__Supplied data__.
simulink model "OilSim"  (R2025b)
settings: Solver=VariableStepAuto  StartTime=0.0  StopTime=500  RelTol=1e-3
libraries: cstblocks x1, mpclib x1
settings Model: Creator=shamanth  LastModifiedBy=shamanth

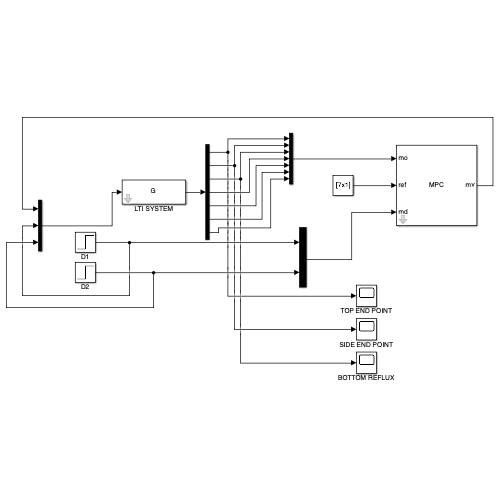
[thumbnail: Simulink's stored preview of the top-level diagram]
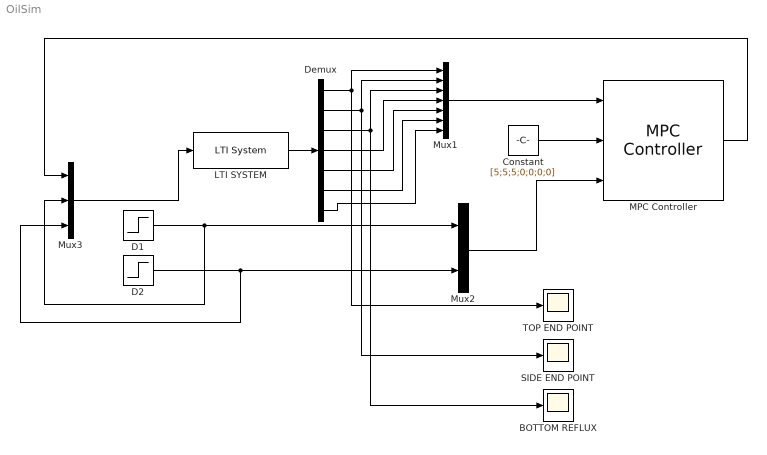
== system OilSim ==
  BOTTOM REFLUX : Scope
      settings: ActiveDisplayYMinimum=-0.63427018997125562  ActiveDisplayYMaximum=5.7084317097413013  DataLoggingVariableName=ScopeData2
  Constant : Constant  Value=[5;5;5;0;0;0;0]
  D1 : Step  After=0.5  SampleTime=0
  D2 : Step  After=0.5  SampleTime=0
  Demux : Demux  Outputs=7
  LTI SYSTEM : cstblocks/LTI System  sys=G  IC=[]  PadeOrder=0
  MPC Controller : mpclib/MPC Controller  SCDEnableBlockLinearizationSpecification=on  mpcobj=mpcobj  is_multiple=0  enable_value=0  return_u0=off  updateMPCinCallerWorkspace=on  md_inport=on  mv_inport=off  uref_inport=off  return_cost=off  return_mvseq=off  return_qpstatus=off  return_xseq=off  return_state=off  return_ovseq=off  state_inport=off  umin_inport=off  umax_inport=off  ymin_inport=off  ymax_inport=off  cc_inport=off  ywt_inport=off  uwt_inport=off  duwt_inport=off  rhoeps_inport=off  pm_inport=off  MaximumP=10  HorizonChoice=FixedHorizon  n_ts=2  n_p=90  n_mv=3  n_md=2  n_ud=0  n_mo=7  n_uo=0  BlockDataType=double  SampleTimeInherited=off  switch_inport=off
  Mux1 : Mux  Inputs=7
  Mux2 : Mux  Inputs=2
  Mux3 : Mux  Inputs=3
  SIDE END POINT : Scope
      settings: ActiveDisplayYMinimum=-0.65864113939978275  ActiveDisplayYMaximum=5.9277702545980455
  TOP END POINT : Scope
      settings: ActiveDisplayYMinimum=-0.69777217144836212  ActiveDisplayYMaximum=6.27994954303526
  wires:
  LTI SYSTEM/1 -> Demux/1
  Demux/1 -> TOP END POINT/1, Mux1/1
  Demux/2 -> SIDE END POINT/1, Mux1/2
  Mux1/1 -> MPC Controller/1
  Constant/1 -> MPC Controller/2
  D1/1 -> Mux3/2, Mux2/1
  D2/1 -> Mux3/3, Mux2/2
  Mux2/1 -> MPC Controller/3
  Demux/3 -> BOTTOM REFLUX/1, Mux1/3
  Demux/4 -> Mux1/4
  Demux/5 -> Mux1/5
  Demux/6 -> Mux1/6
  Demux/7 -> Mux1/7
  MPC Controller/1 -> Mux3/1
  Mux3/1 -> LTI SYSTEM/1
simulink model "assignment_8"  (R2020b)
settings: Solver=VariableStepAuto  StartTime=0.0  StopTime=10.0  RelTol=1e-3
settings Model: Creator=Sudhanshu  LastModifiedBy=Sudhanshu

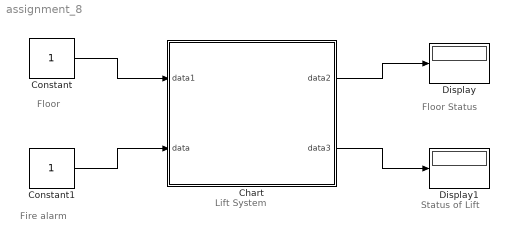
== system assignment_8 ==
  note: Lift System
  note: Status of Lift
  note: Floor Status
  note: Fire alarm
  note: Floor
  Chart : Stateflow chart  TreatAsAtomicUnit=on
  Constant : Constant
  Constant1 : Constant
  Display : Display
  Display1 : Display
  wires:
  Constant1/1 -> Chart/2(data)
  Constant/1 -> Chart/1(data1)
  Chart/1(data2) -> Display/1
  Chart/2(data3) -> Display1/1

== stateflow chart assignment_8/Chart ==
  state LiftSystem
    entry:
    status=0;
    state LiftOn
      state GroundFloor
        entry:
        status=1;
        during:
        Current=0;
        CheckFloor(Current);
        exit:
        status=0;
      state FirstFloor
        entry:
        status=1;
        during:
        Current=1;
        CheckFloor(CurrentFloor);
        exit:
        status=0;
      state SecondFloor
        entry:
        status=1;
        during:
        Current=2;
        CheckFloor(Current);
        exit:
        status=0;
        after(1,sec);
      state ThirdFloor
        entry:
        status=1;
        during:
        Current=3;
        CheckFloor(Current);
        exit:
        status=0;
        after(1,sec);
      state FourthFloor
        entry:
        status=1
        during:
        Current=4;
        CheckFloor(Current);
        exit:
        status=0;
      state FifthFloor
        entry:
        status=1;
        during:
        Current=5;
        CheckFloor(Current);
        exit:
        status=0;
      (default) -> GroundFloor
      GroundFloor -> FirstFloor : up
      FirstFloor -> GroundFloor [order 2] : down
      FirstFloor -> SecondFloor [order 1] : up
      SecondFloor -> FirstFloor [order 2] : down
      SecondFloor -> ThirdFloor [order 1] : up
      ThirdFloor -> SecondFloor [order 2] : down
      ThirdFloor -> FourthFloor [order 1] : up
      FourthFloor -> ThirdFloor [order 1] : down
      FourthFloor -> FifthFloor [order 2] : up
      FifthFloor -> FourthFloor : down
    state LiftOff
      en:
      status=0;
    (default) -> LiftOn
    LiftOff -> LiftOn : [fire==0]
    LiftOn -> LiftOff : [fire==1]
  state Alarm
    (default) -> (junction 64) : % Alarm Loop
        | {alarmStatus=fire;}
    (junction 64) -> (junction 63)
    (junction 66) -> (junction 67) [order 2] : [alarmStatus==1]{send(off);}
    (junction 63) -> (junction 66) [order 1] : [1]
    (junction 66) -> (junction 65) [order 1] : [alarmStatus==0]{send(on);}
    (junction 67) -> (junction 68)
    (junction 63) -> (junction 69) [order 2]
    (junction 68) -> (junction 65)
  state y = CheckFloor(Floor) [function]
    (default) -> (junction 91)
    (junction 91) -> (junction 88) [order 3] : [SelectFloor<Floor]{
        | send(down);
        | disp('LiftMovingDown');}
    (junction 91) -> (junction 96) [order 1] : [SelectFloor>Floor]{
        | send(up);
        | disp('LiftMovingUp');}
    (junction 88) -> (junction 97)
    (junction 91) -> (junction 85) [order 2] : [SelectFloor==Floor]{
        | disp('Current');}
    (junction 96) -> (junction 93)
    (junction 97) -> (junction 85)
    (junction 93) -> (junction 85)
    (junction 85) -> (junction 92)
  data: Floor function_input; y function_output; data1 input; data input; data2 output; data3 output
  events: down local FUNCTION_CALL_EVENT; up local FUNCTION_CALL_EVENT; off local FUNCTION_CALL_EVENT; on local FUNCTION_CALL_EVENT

__Description of the task__. Only the lines above starting at the line that holds "state FifthFloor" and ending at the line that holds "state LiftOff" are to be repeated, exactly and in full.

__Final answer__.
      state FifthFloor
        entry:
        status=1;
        during:
        Current=5;
        CheckFloor(Current);
        exit:
        status=0;
      (default) -> GroundFloor
      GroundFloor -> FirstFloor : up
      FirstFloor -> GroundFloor [order 2] : down
      FirstFloor -> SecondFloor [order 1] : up
      SecondFloor -> FirstFloor [order 2] : down
      SecondFloor -> ThirdFloor [order 1] : up
      ThirdFloor -> SecondFloor [order 2] : down
      ThirdFloor -> FourthFloor [order 1] : up
      FourthFloor -> ThirdFloor [order 1] : down
      FourthFloor -> FifthFloor [order 2] : up
      FifthFloor -> FourthFloor : down
    state LiftOff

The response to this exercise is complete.